One strength of our study is that we rigorously measured cognition. Second, we accounted for confounders by matching AC+ and AC− groups for age, sex and education. Furthermore, our data are derived from large, published cohorts. ABS rating was done by three authors and revised multiple times for quality control purpose. Finally, our sample was free of potentially confounding medical or neuropsychiatric problems. A major limitation of our study is its cross-sectional design. Additionally, drug use was self-reported thus we cannot exclude recall bias. Lastly, we conducted analyses on various tests which may raise concerns about multiple comparison bias. However, our analyses were led by a priori hypotheses based on the literature which makes multiple comparison bias a less likely explanation for our findings.
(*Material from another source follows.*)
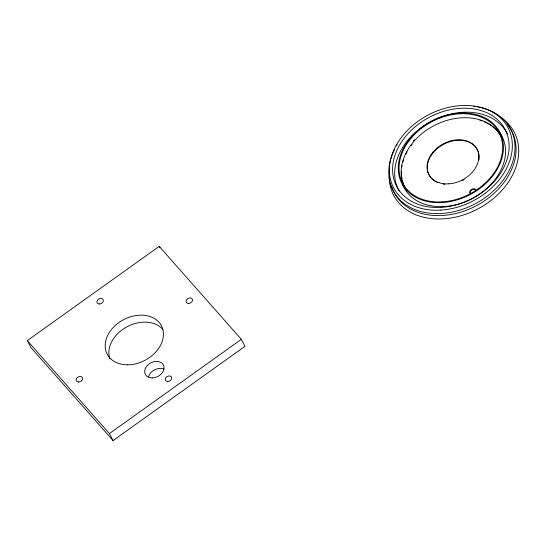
<?xml version="1.0" encoding="UTF-8"?>
<svg xmlns="http://www.w3.org/2000/svg" width="546" height="546" viewBox="0 0 546 546"><rect width="100%" height="100%" fill="white"/><g stroke="black" fill="none" stroke-linecap="round" stroke-linejoin="round"><path stroke-width="0.82" d="M27.3 340.608L159.227 246.376L241.325 339.339L244.983 346.314L113.063 440.547L30.958 347.584L27.3 340.608L109.405 433.579L113.063 440.547M109.405 433.579L241.325 339.339M159.227 246.376L159.958 247.768M109.835 358.804A30.617 22.966 -27.7 0 1 126.372 327.115A30.617 22.966 -27.7 0 1 162.708 329.279M148.573 376.685A10.203 7.658 -27.7 0 1 164.025 369.103M477.927 107.03A66.339 49.761 -27.7 0 1 509.404 169.977A66.339 49.761 -27.7 0 1 425.866 212.653A66.339 49.761 -27.7 0 1 394.389 149.706M396.355 146.028A66.339 49.761 -27.7 0 1 397.222 144.581M473.832 106.45A66.339 49.761 -27.7 0 1 475.491 106.647M507.603 124.802A66.339 49.761 -27.7 0 1 476.167 205.842A66.339 49.761 -27.7 0 1 391.475 185.947M500.566 133.852A55.282 41.469 -27.7 0 1 471.491 198.921A55.282 41.469 -27.7 0 1 402.416 183.995M413.383 140.977A55.282 41.469 -27.7 0 1 414.366 139.872M498.662 131.19A55.282 41.469 -27.7 0 1 500.116 133.169M501.228 117.759A68.038 51.037 -27.7 0 1 477.661 209.036A68.038 51.037 -27.7 0 1 389.243 176.46M399.119 191.018A61.234 45.932 -27.7 0 1 398.416 189.687M398.089 189.018A61.234 45.932 -27.7 0 1 432.848 120.523A61.234 45.932 -27.7 0 1 507.473 133.975M403.18 183.395A54.429 40.827 -27.7 0 1 402.279 180.289M401.952 178.692A54.429 40.827 -27.7 0 1 401.522 175.423M401.467 174.597A54.429 40.827 -27.7 0 1 401.44 171.232M401.849 166.953A54.429 40.827 -27.7 0 1 402.102 165.513M402.955 161.909A54.429 40.827 -27.7 0 1 403.637 159.746M406.019 154.013A54.429 40.827 -27.7 0 1 407.125 151.897M411.09 145.721A54.429 40.827 -27.7 0 1 412.1 144.397M479.818 120.229A54.429 40.827 -27.7 0 1 481.968 120.932M484.043 121.731A54.429 40.827 -27.7 0 1 486.704 122.946M487.346 123.273A54.429 40.827 -27.7 0 1 493.659 127.491M494.287 128.03A54.429 40.827 -27.7 0 1 499.651 134.104M404.477 186.595A54.429 40.827 -27.7 0 1 434.207 125.553A54.429 40.827 -27.7 0 1 501.044 136.357M430.78 177.518A27.218 20.414 -27.7 0 1 442.895 144.697A27.218 20.414 -27.7 0 1 477.982 151.167M478.221 151.802A27.218 20.414 -27.7 0 1 478.603 153.092M478.753 153.747A27.218 20.414 -27.7 0 1 478.883 160.019M464.093 179.627A27.218 20.414 -27.7 0 1 462.339 180.59M444.888 184.302A27.218 20.414 -27.7 0 1 443.304 184.125M438.131 182.774A27.218 20.414 -27.7 0 1 436.138 181.859M435.51 181.511A27.218 20.414 -27.7 0 1 434.309 180.76M433.742 180.351A27.218 20.414 -27.7 0 1 431.674 178.535M470.7 194.151A3.399 2.553 -27.7 0 1 471.833 189.892A3.399 2.553 -27.7 0 1 476.392 190.69M470.87 193.953A3.399 2.553 -27.7 0 1 471.573 189.394A3.399 2.553 -27.7 0 1 476.235 190.69M99.372 303.999A3.399 2.553 -27.7 0 0 103.201 299.843A3.399 2.553 -27.7 0 0 97.741 299.877A3.399 2.553 -27.7 0 0 99.372 303.999M78.61 382.002A3.399 2.553 -27.7 0 0 82.439 377.846A3.399 2.553 -27.7 0 0 76.979 377.88A3.399 2.553 -27.7 0 0 78.61 382.002M167.786 381.47A3.399 2.553 -27.7 0 0 171.621 377.32A3.399 2.553 -27.7 0 0 166.161 377.347A3.399 2.553 -27.7 0 0 167.786 381.47M188.547 303.467A3.399 2.553 -27.7 0 0 192.376 299.317A3.399 2.553 -27.7 0 0 186.916 299.351A3.399 2.553 -27.7 0 0 188.547 303.467M127.709 364.796A30.617 22.966 -27.7 0 0 162.189 327.423A30.617 22.966 -27.7 0 0 113.042 327.709A30.617 22.966 -27.7 0 0 127.709 364.796M152.17 377.928A10.203 7.658 -27.7 0 0 163.663 365.472A10.203 7.658 -27.7 0 0 147.284 365.567A10.203 7.658 -27.7 0 0 152.17 377.928M440.854 210.108A64.64 48.485 -27.7 0 0 508.408 128.44A64.64 48.485 -27.7 0 0 403.296 134.992A64.64 48.485 -27.7 0 0 440.854 210.108M442.301 202.546A55.282 41.469 -27.7 0 0 500.081 132.698A55.282 41.469 -27.7 0 0 410.176 138.302A55.282 41.469 -27.7 0 0 442.301 202.546M441.38 207.357A61.234 45.932 -27.7 0 0 505.378 129.989A61.234 45.932 -27.7 0 0 405.794 136.193A61.234 45.932 -27.7 0 0 441.38 207.357M442.431 201.856A54.429 40.827 -27.7 0 0 499.324 133.088A54.429 40.827 -27.7 0 0 410.804 138.602A54.429 40.827 -27.7 0 0 442.431 201.856M448.737 183.838A27.218 20.414 -27.7 0 0 477.177 149.454A27.218 20.414 -27.7 0 0 432.917 152.211A27.218 20.414 -27.7 0 0 448.737 183.838"/></g></svg>

In this study among persons aged ≥ 50 years, anticholinergics were not associated with cognitive impairment. Therefore, our study does not support the growing concern that anticholinergic medication use may be associated with cognitive impairment in late mid-life. However, given our cross-sectional study design, we cannot establish a cause-effect relationship or rule out the possibility that anticholinergics may impact cognitive function in the long-term. Therefore, our results should be considered preliminary until confirmed by a prospective cohort study.

Acknowledgments

Source of Funding:

Support for this research was provided by NIH grants: National Institute of Mental Health (K01 MH068351). The project was also supported by the Robert Wood Johnson Foundation, the Edli Foundation (the Hague, the Netherlands), the Arizona Alzheimer’s Disease Core Center and the Arizona Alzheimer’s Research Consortium (P30AG19610).

Footnotes

Conflicts of Interest

The authors declare no conflicts of interest.